▸ Activity:
Only the number is wanted: how many lines below include "collections"?

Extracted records
◆ ◆ ◆ ◆ ◆ ◆ ◆

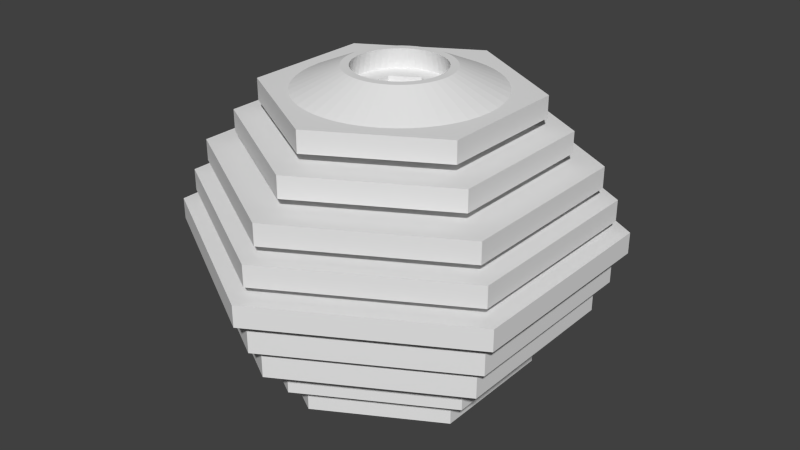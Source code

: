 # Source: MovableMagnet.blend  (saved by Blender 2.68.0; exported with 4.5.12 LTS)
import bpy
from mathutils import Matrix  # noqa: F401  (used for matrix-valued properties, if any)

bpy.ops.wm.read_factory_settings(use_empty=True)
scene = bpy.context.scene
scene.name = 'Scene'

# ---- collections
col_collection_1 = bpy.data.collections.new('Collection 1'); scene.collection.children.link(col_collection_1)

# ---- world
world_world = bpy.data.worlds.new('World'); scene.world = world_world
world_world.color = (0.05088, 0.05088, 0.05088)
world_world.use_sun_shadow = False
world_world.sun_shadow_jitter_overblur = 0.0
world_world.cycles.sampling_method = 'MANUAL'
world_world.cycles.sample_map_resolution = 256

# ---- meshes
me_cylinder = bpy.data.meshes.new('Cylinder')
me_cylinder.from_pydata([(0.0, 1.0, 0.05), (0.866, 0.5, 0.05), (0.866, 0.5, -0.05), (0.0, 1.0, -0.05), (0.65, 0.35, 0.05), (-6.789e-09, 0.75, 0.05), (0.866, -0.5, -0.05), (0.866, -0.5, 0.05), (0.65, 0.35, -0.05), (-5.06e-09, 0.75, -0.05), (-0.866, 0.5, -0.05), (-0.866, 0.5, 0.05), (-6.789e-09, 0.75, 0.1), (0.65, 0.35, 0.1), (0.65, -0.35, 0.05), (-0.65, 0.35, 0.05), (0.65, -0.35, -0.05), (-8.742e-08, -1.0, 0.05), (-8.742e-08, -1.0, -0.05), (-0.65, 0.35, -0.05), (-1.71e-09, 0.75, -0.1), (0.65, 0.35, -0.1), (-0.866, -0.5, 0.05), (-0.866, -0.5, -0.05), (-0.65, 0.35, 0.1), (-3.895e-09, 0.935, 0.1), (0.8097, 0.4675, 0.1), (0.65, -0.35, 0.1), (-7.43e-08, -0.75, 0.05), (-0.65, -0.35, 0.05), (0.65, -0.35, -0.1), (-7.508e-08, -0.75, -0.05), (-0.65, 0.35, -0.1), (-0.65, -0.35, -0.05), (0.8097, 0.4675, -0.1), (1.206e-11, 0.935, -0.1), (-0.65, -0.35, 0.1), (-0.8097, 0.4675, 0.1), (0.8097, -0.4675, 0.1), (-2.503e-09, 0.935, 0.2), (0.8097, 0.4675, 0.2), (-7.43e-08, -0.75, 0.1), (-7.173e-08, -0.75, -0.1), (0.8097, -0.4675, -0.1), (-0.8097, 0.4675, -0.1), (-0.65, -0.35, -0.1), (0.8097, 0.4675, -0.2), (1.206e-11, 0.935, -0.2), (-0.8097, -0.4675, 0.1), (-0.8097, 0.4675, 0.2), (0.8097, -0.4675, 0.2), (-8.564e-08, -0.935, 0.1), (0.5521, 0.3187, 0.2), (-4.306e-09, 0.6375, 0.2), (-8.173e-08, -0.935, -0.1), (0.8097, -0.4675, -0.2), (-0.8097, -0.4675, -0.1), (-0.8097, 0.4675, -0.2), (0.5521, 0.3187, -0.2), (-4.959e-09, 0.6375, -0.2), (-0.8097, -0.4675, 0.2), (-0.5521, 0.3187, 0.2), (0.5521, -0.3188, 0.2), (-8.424e-08, -0.935, 0.2), (-4.306e-09, 0.6375, 0.25), (0.5521, 0.3187, 0.25), (-8.173e-08, -0.935, -0.2), (0.5521, -0.3188, -0.2), (-0.8097, -0.4675, -0.2), (-0.5521, 0.3187, -0.2), (0.5521, 0.3187, -0.25), (-4.959e-09, 0.6375, -0.25), (-0.5521, -0.3187, 0.2), (-0.5521, 0.3187, 0.25), (-6.004e-08, -0.6375, 0.2), (0.5521, -0.3188, 0.25), (-2.502e-09, 0.8678, 0.25), (0.7515, 0.4339, 0.25), (-6.069e-08, -0.6375, -0.2), (0.5521, -0.3188, -0.25), (-0.5521, -0.3187, -0.2), (-0.5521, 0.3187, -0.25), (0.7515, 0.4339, -0.25), (-3.745e-09, 0.8678, -0.25), (-0.5521, -0.3187, 0.25), (-0.7515, 0.4339, 0.25), (-6.004e-08, -0.6375, 0.25), (0.7515, -0.4339, 0.25), (3.4e-09, 0.8678, 0.35), (0.7515, 0.4339, 0.35), (-6.069e-08, -0.6375, -0.25), (0.7515, -0.4339, -0.25), (-0.5521, -0.3187, -0.25), (-0.7515, 0.4339, -0.25), (0.7515, 0.4339, -0.35), (-3.745e-09, 0.8678, -0.35), (-0.7515, -0.4339, 0.25), (-0.7515, 0.4339, 0.35), (-7.837e-08, -0.8678, 0.25), (0.7515, -0.4339, 0.35), (0.4658, 0.2689, 0.35), (-2.86e-09, 0.5379, 0.35), (-7.961e-08, -0.8678, -0.25), (0.7515, -0.4339, -0.35), (-0.7515, -0.4339, -0.25), (-0.7515, 0.4339, -0.35), (0.4658, 0.2689, -0.35), (-7.288e-09, 0.5379, -0.35), (-0.7515, -0.4339, 0.35), (-0.4658, 0.2689, 0.35), (-7.247e-08, -0.8678, 0.35), (0.4658, -0.2689, 0.35), (5.07e-09, 0.5379, 0.4), (0.4658, 0.2689, 0.4), (-7.961e-08, -0.8678, -0.35), (0.4658, -0.2689, -0.35), (-0.7515, -0.4339, -0.35), (-0.4658, 0.2689, -0.35), (-3.324e-09, 0.5379, -0.4), (0.4658, 0.2689, -0.4), (-0.4658, -0.2689, 0.35), (-0.4658, 0.2689, 0.4), (-4.988e-08, -0.5379, 0.35), (0.4658, -0.2689, 0.4), (1.501e-08, 0.7322, 0.4), (0.6341, 0.3661, 0.4), (-5.431e-08, -0.5379, -0.35), (0.4658, -0.2689, -0.4), (-0.4658, -0.2689, -0.35), (-0.4658, 0.2689, -0.4), (0.6341, 0.3661, -0.4), (3.589e-09, 0.7322, -0.4), (-0.4658, -0.2689, 0.4), (-0.6341, 0.3661, 0.4), (-4.195e-08, -0.5379, 0.4), (0.6341, -0.3661, 0.4), (1.501e-08, 0.7322, 0.5), (0.6341, 0.3661, 0.5), (-5.035e-08, -0.5379, -0.4), (0.6341, -0.3661, -0.4), (-0.4658, -0.2689, -0.4), (-0.6341, 0.3661, -0.4), (0.6341, 0.3661, -0.5), (3.589e-09, 0.7322, -0.5), (-0.6341, -0.3661, 0.4), (-0.6341, 0.3661, 0.5), (-4.9e-08, -0.7322, 0.4), (0.6341, -0.3661, 0.5), (9.307e-09, 0.4538, 0.5), (0.393, 0.2269, 0.5), (-6.042e-08, -0.7322, -0.4), (0.6341, -0.3661, -0.5), (-0.6341, -0.3661, -0.4), (-0.6341, 0.3661, -0.5), (2.225e-09, 0.4538, -0.5), (0.393, 0.2269, -0.5), (-0.6341, -0.3661, 0.5), (-0.393, 0.2269, 0.5), (-4.9e-08, -0.7322, 0.5), (0.393, -0.2269, 0.5), (2.044e-08, 0.4538, 0.55), (0.393, 0.2269, 0.55), (-6.042e-08, -0.7322, -0.5), (0.393, -0.2269, -0.5), (-0.6341, -0.3661, -0.5), (-0.393, 0.2269, -0.5), (0.393, 0.2269, -0.55), (2.225e-09, 0.4538, -0.55), (-0.393, -0.2269, 0.5), (-0.393, 0.2269, 0.55), (-3.037e-08, -0.4538, 0.5), (0.393, -0.2269, 0.55), (2.513e-08, 0.6178, 0.55), (0.535, 0.3089, 0.55), (-3.745e-08, -0.4538, -0.5), (0.393, -0.2269, -0.55), (-0.393, -0.2269, -0.5), (-0.393, 0.2269, -0.55), (0.535, 0.3089, -0.55), (3.028e-09, 0.6178, -0.55), (-0.393, -0.2269, 0.55), (-0.535, 0.3089, 0.55), (-1.923e-08, -0.4538, 0.55), (0.535, -0.3089, 0.55), (2.513e-08, 0.6178, 0.65), (0.535, 0.3089, 0.65), (-3.745e-08, -0.4538, -0.55), (0.535, -0.3089, -0.55), (-0.393, -0.2269, -0.55), (-0.535, 0.3089, -0.55), (0.535, 0.3089, -0.65), (3.028e-09, 0.6178, -0.65), (-0.535, -0.3089, 0.55), (-0.535, 0.3089, 0.65), (-2.888e-08, -0.6178, 0.55), (0.535, -0.3089, 0.65), (-5.098e-08, -0.6178, -0.55), (0.535, -0.3089, -0.65), (-0.535, -0.3089, -0.55), (-0.535, 0.3089, -0.65), (-0.535, -0.3089, 0.65), (-2.888e-08, -0.6178, 0.65), (0.1238, 0.07147, 0.65), (0.1238, -0.07147, 0.65), (0.0, 0.1429, 0.65), (-5.098e-08, -0.6178, -0.65), (0.1238, 0.07147, -0.65), (0.1238, -0.07147, -0.65), (-0.535, -0.3089, -0.65), (0.0, 0.1429, -0.65), (-0.05441, 0.1115, -0.65), (0.05441, 0.1115, -0.65), (-0.1238, -0.07147, 0.65), (-0.1238, 0.07147, 0.65), (0.1238, -0.07147, 0.65), (0.05441, 0.1115, 0.65), (0.1238, 0.07147, 0.6), (0.1238, -0.07147, 0.6), (-0.05441, 0.1115, 0.65), (0.1238, -0.07147, -0.65), (-0.1238, -0.07147, -0.65), (-0.1238, 0.07147, -0.65), (-0.1238, 0.07147, -0.65), (-0.1238, 0.07147, 0.65), (-0.05441, -0.1115, 0.65), (-0.1238, -0.07147, 0.6), (-1.25e-08, -0.1429, 0.65), (0.05441, -0.1115, 0.65), (0.0, 0.1429, 0.6), (0.07724, -0.04459, 0.6), (0.07724, 0.04459, 0.6), (-0.05441, -0.1115, -0.65), (-1.25e-08, -0.1429, -0.65), (0.05441, -0.1115, -0.65), (-0.1238, 0.07147, 0.6), (-1.25e-08, -0.1429, 0.6), (0.0, 0.08919, 0.6), (0.03068, 0.07147, 0.6), (0.07724, -0.04459, -0.6), (0.07724, 0.04459, -0.6), (0.03068, -0.07147, 0.6), (0.07724, -0.04459, 0.6), (-0.07724, -0.04459, 0.6), (-0.07724, 0.04459, 0.6), (-7.797e-09, -0.08919, 0.6), (-0.03068, -0.07147, 0.6), (0.0007417, 0.08876, -0.6), (0.0, 0.08919, -0.6), (-0.03068, 0.07147, 0.6), (0.001867, 0.08811, -0.6), (0.07724, -0.04459, -0.6), (0.03068, 0.07147, -0.6), (0.001867, -0.08811, -0.6), (-7.797e-09, -0.08919, -0.6), (-0.07724, -0.04121, 0.6), (-0.0007417, -0.08876, -0.6), (-0.07611, 0.04524, -0.6), (-0.03068, 0.07147, -0.6), (0.03068, -0.07147, -0.6), (-0.07724, -0.04459, -0.6), (-0.07724, 0.04252, -0.6), (-0.07724, 0.04459, 0.6), (-0.07724, 0.04459, -0.6), (-0.001867, -0.08811, -0.6), (-0.07724, 0.04459, -0.6), (-0.03068, -0.07147, -0.6), (0.0, 0.1429, -0.6), (0.1238, 0.07147, -0.6), (-0.1238, 0.07147, -0.6), (0.1238, -0.07147, -0.6), (-0.1238, -0.07147, -0.6), (-1.25e-08, -0.1429, -0.6)], [], [(0, 1, 2, 3), (1, 7, 6, 2), (18, 6, 7, 17), (23, 18, 17, 22), (7, 1, 4, 14), (11, 0, 3, 10), (10, 23, 22, 11), (8, 2, 6, 16), (45, 33, 19, 32), (18, 31, 16, 6), (3, 2, 8, 9), (18, 23, 33, 31), (33, 23, 10, 19), (3, 9, 19, 10), (30, 42, 54, 43), (8, 21, 20, 9), (31, 33, 45, 42), (16, 31, 42, 30), (9, 20, 32, 19), (21, 8, 16, 30), (47, 35, 34, 46), (32, 20, 35, 44), (21, 30, 43, 34), (32, 44, 56, 45), (21, 34, 35, 20), (45, 56, 54, 42), (55, 66, 78, 67), (66, 54, 56, 68), (55, 43, 54, 66), (57, 44, 35, 47), (46, 34, 43, 55), (68, 56, 44, 57), (13, 4, 5, 12), (17, 7, 14, 28), (0, 5, 4, 1), (17, 28, 29, 22), (15, 11, 22, 29), (0, 11, 15, 5), (24, 37, 25, 12), (36, 29, 28, 41), (41, 28, 14, 27), (12, 5, 15, 24), (27, 14, 4, 13), (24, 15, 29, 36), (26, 25, 39, 40), (13, 26, 38, 27), (24, 36, 48, 37), (13, 12, 25, 26), (36, 41, 51, 48), (27, 38, 51, 41), (39, 49, 61, 53), (51, 63, 60, 48), (38, 50, 63, 51), (25, 37, 49, 39), (50, 38, 26, 40), (49, 37, 48, 60), (90, 78, 80, 92), (47, 59, 69, 57), (55, 67, 58, 46), (68, 57, 69, 80), (47, 46, 58, 59), (66, 68, 80, 78), (70, 79, 91, 82), (79, 67, 78, 90), (81, 69, 59, 71), (70, 58, 67, 79), (92, 80, 69, 81), (71, 59, 58, 70), (114, 102, 104, 116), (81, 93, 104, 92), (70, 82, 83, 71), (92, 104, 102, 90), (79, 90, 102, 91), (81, 71, 83, 93), (103, 115, 106, 94), (103, 91, 102, 114), (105, 93, 83, 95), (94, 82, 91, 103), (116, 104, 93, 105), (95, 83, 82, 94), (86, 74, 62, 75), (50, 40, 52, 62), (60, 72, 61, 49), (39, 53, 52, 40), (63, 74, 72, 60), (50, 62, 74, 63), (65, 77, 87, 75), (64, 53, 61, 73), (75, 62, 52, 65), (73, 61, 72, 84), (65, 52, 53, 64), (84, 72, 74, 86), (87, 99, 110, 98), (84, 96, 85, 73), (65, 64, 76, 77), (84, 86, 98, 96), (75, 87, 98, 86), (73, 85, 76, 64), (109, 97, 108, 120), (76, 85, 97, 88), (99, 87, 77, 89), (97, 85, 96, 108), (77, 76, 88, 89), (98, 110, 108, 96), (115, 126, 138, 127), (128, 116, 105, 117), (95, 94, 106, 107), (114, 116, 128, 126), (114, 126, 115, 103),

◆ ◆ ◆ ◆ ◆ ◆ ◆

▸ Exercise response:
2